Rupee Report On 04 Dec 2025 by Kedia Advisory
Rupee Outlook

Rupee Clocks 90: What’s Driving India’s Biggest Currency Shock in Years?
The Indian Rupee has breached the Rs.90 per US Dollar mark for the first time in history, signalling one of the sharpest depreciation phases in modern India. This fall comes despite India maintaining strong domestic fundamentals—robust 8.2% GDP growth, healthy banking stability, and resilient consumption demand.
The paradox is clear:
Why is India’s economy strong but its currency weak?

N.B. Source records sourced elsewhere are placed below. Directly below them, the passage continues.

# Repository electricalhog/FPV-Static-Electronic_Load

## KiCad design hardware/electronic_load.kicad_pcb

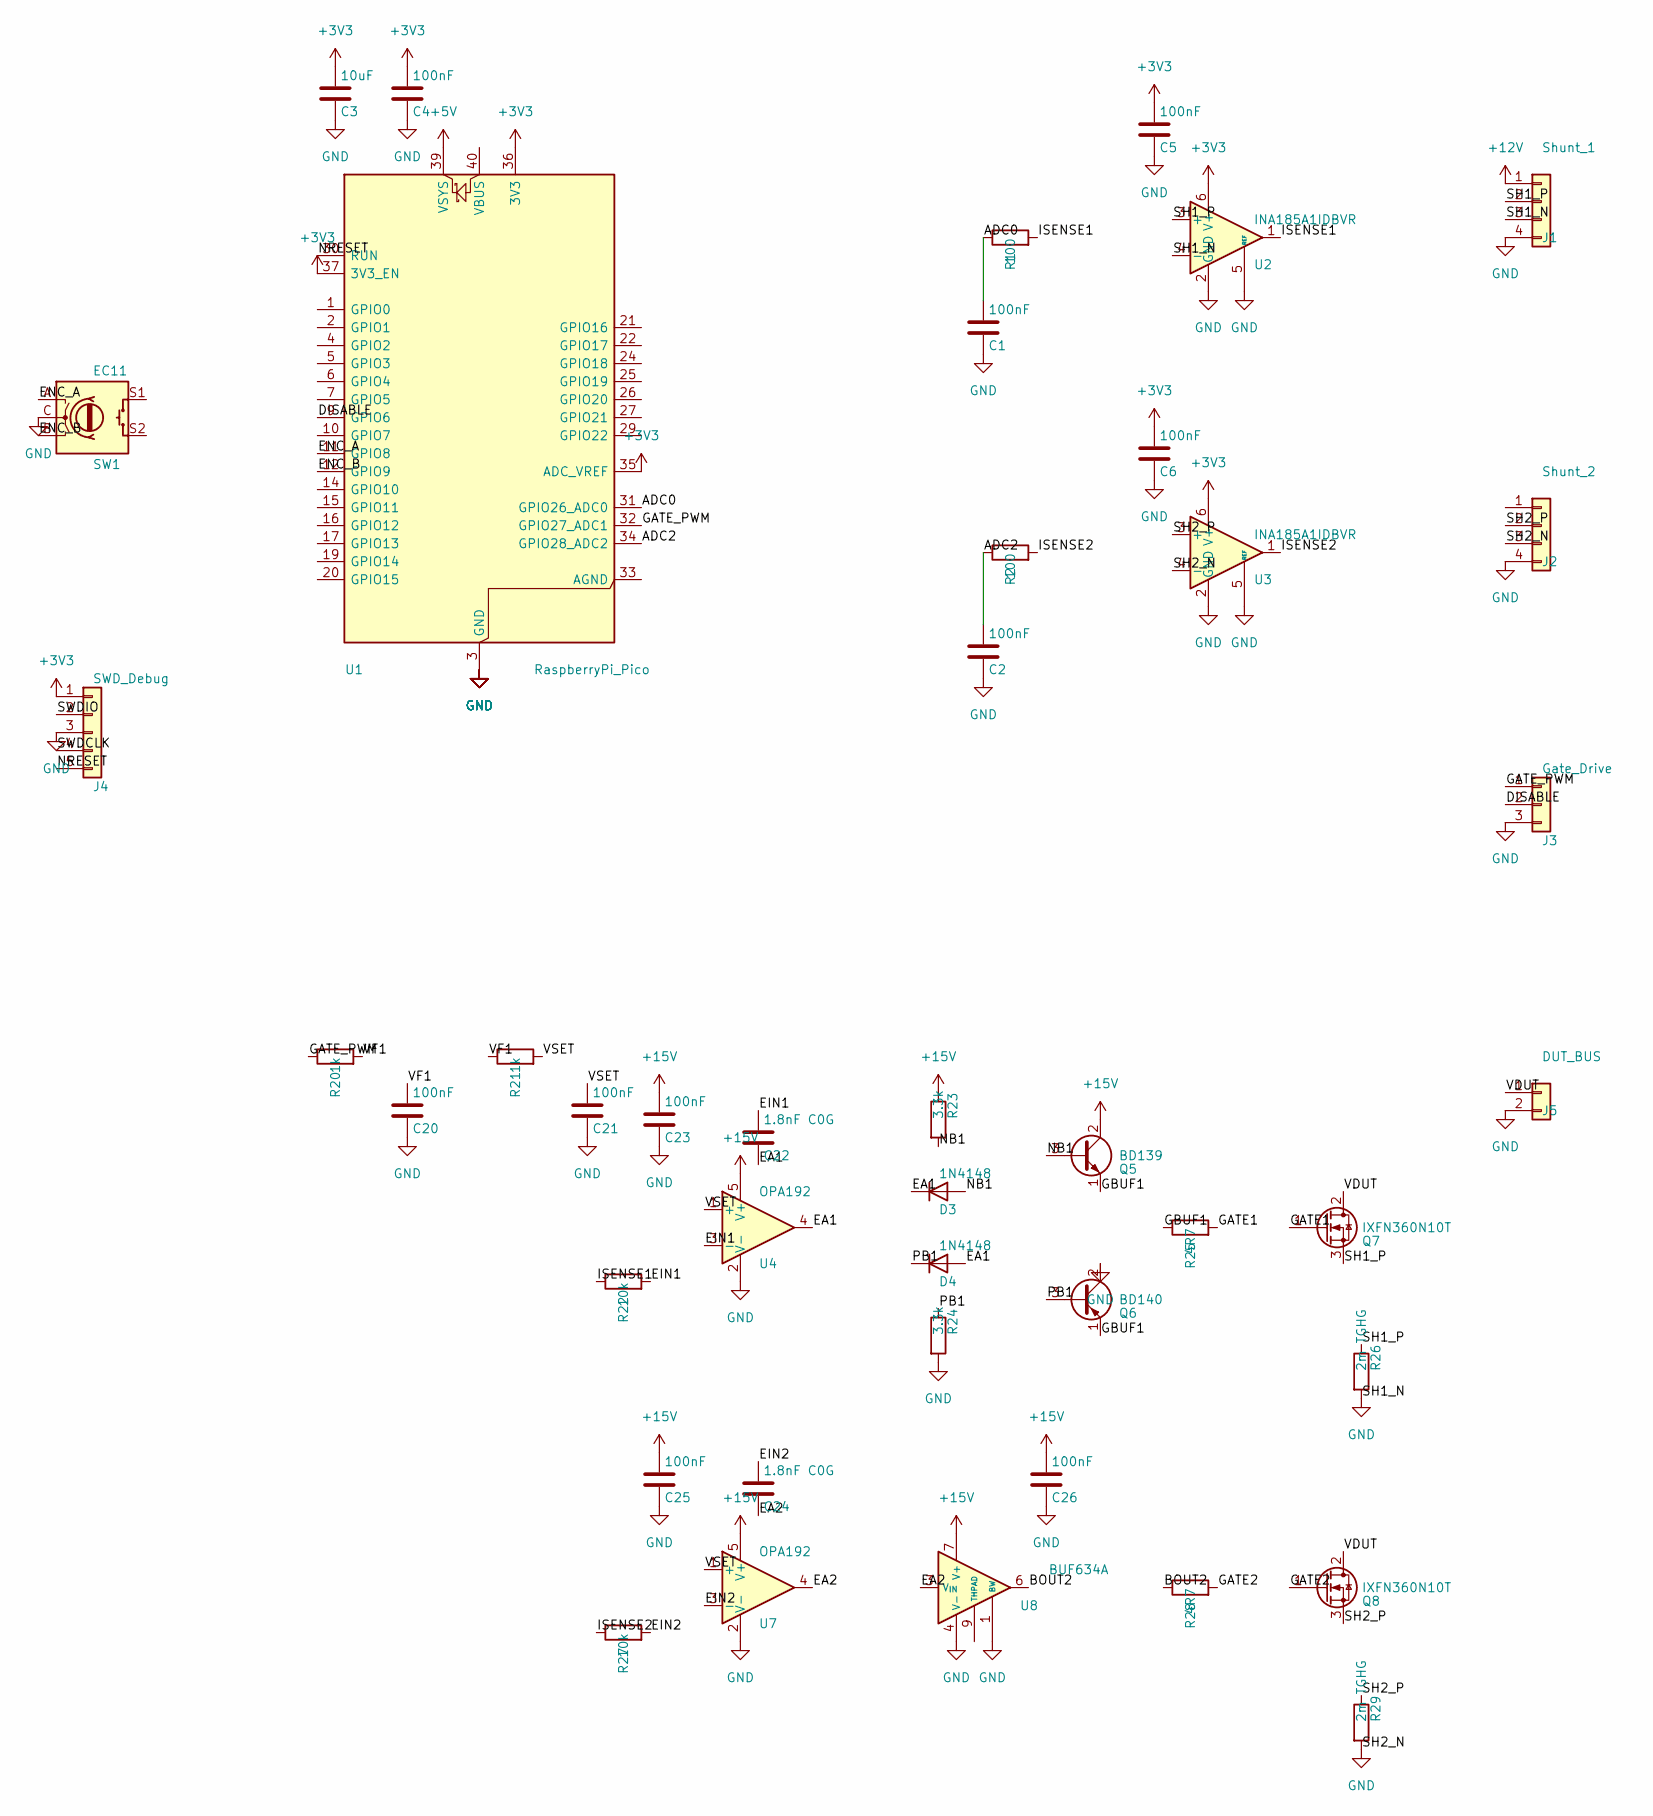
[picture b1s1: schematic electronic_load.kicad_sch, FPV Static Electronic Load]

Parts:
C1, C2, C4, C5, C6, C20, C21, C23, C25, C26: 100nF; C_0603_1608Metric
C3: 10uF; C_0805_2012Metric
C22, C24: 1.8nF C0G; C_0603_1608Metric
D3, D4: 1N4148; D_DO-35_SOD27_P7.62mm_Horizontal
J1: Shunt_1; PinHeader_1x04_P2.54mm_Vertical
J2: Shunt_2; PinHeader_1x04_P2.54mm_Vertical
J3: Gate_Drive; PinHeader_1x03_P2.54mm_Vertical
J4: SWD_Debug; PinHeader_1x05_P2.54mm_Vertical
J5: DUT_BUS; PinHeader_1x02_P2.54mm_Vertical
Q5: BD139; TO-126-3_Vertical
Q6: BD140; TO-126-3_Vertical
Q7, Q8: IXFN360N10T; SOT-227
R1, R2: 100; R_0603_1608Metric
R20, R21: 1k; R_0603_1608Metric
R22, R27: 10k; R_0603_1608Metric
R23, R24: 3.3k; R_0603_1608Metric
R25, R28: 4R7; R_0603_1608Metric
R26, R29: 2m TGHG; SOT-227
SW1: EC11; RotaryEncoder_Alps_EC11E-Switch_Vertical_H20mm
U1: RaspberryPi_Pico
U2, U3: INA185A1IDBVR; SOT-23-5
U4, U7: OPA192; SOT-23-5
U8: BUF634A; HSOP-8-1EP_3.9x4.9mm_P1.27mm_EP2.41x3.1mm

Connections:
+3V3: C3.1, C4.1, C5.1, C6.1, J4.1, U1.35 (ADC_VREF), U1.36 (3V3), U1.37 (3V3_EN), U2.6 (V+), U3.6 (V+)
+5V: U1.39 (VSYS)
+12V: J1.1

The answer lies in external vulnerabilities, not domestic weakness. Rising trade deficits, falling foreign investment, tariff disadvantages, and global monetary pressures have pushed the rupee into a structural depreciation cycle. A powerful rounding-bottom breakout on the USDINR chart now targets 91.50, with a potential extension higher if global risks persist.
Key Highlights
* Rupee breaches 90 as global uncertainty drives sharp foreign investor withdrawals.
* Trade deficit hits record levels, reflecting India’s deep structural import dependence.
* High US tariffs and missing trade deal weaken India’s export competitiveness severely.
* FDI slowdown intensifies external pressure despite strong domestic economic performance.
* USDINR weekly breakout projects upside toward 91.50 in coming months.
Rupee Depreciation: The Bigger Picture
Monthly Fall (1.2%): The rupee declined 1.2% last month driven by FPIs exiting India, rising importer hedging costs, and renewed geopolitical tensions. This marks the early stage of a deeper depreciation phase. Yearly Fall (5.8%): A 5.8% annual decline reflects pressure from widening trade gaps, elevated import costs, and strong global dollar demand—showing external factors overpower domestic resilience. Five-Year Fall (23%): Over five years, the rupee has dropped 23%, highlighting India’s structural issues: high oil dependency, tariff disadvantages, and limited export diversification. Ten-Year Fall (40%): The decade-long 40% depreciation illustrates chronic vulnerabilities—high deficits, volatile capital flows, and repeated global dollar rallies—demonstrating long-term systemic weakness.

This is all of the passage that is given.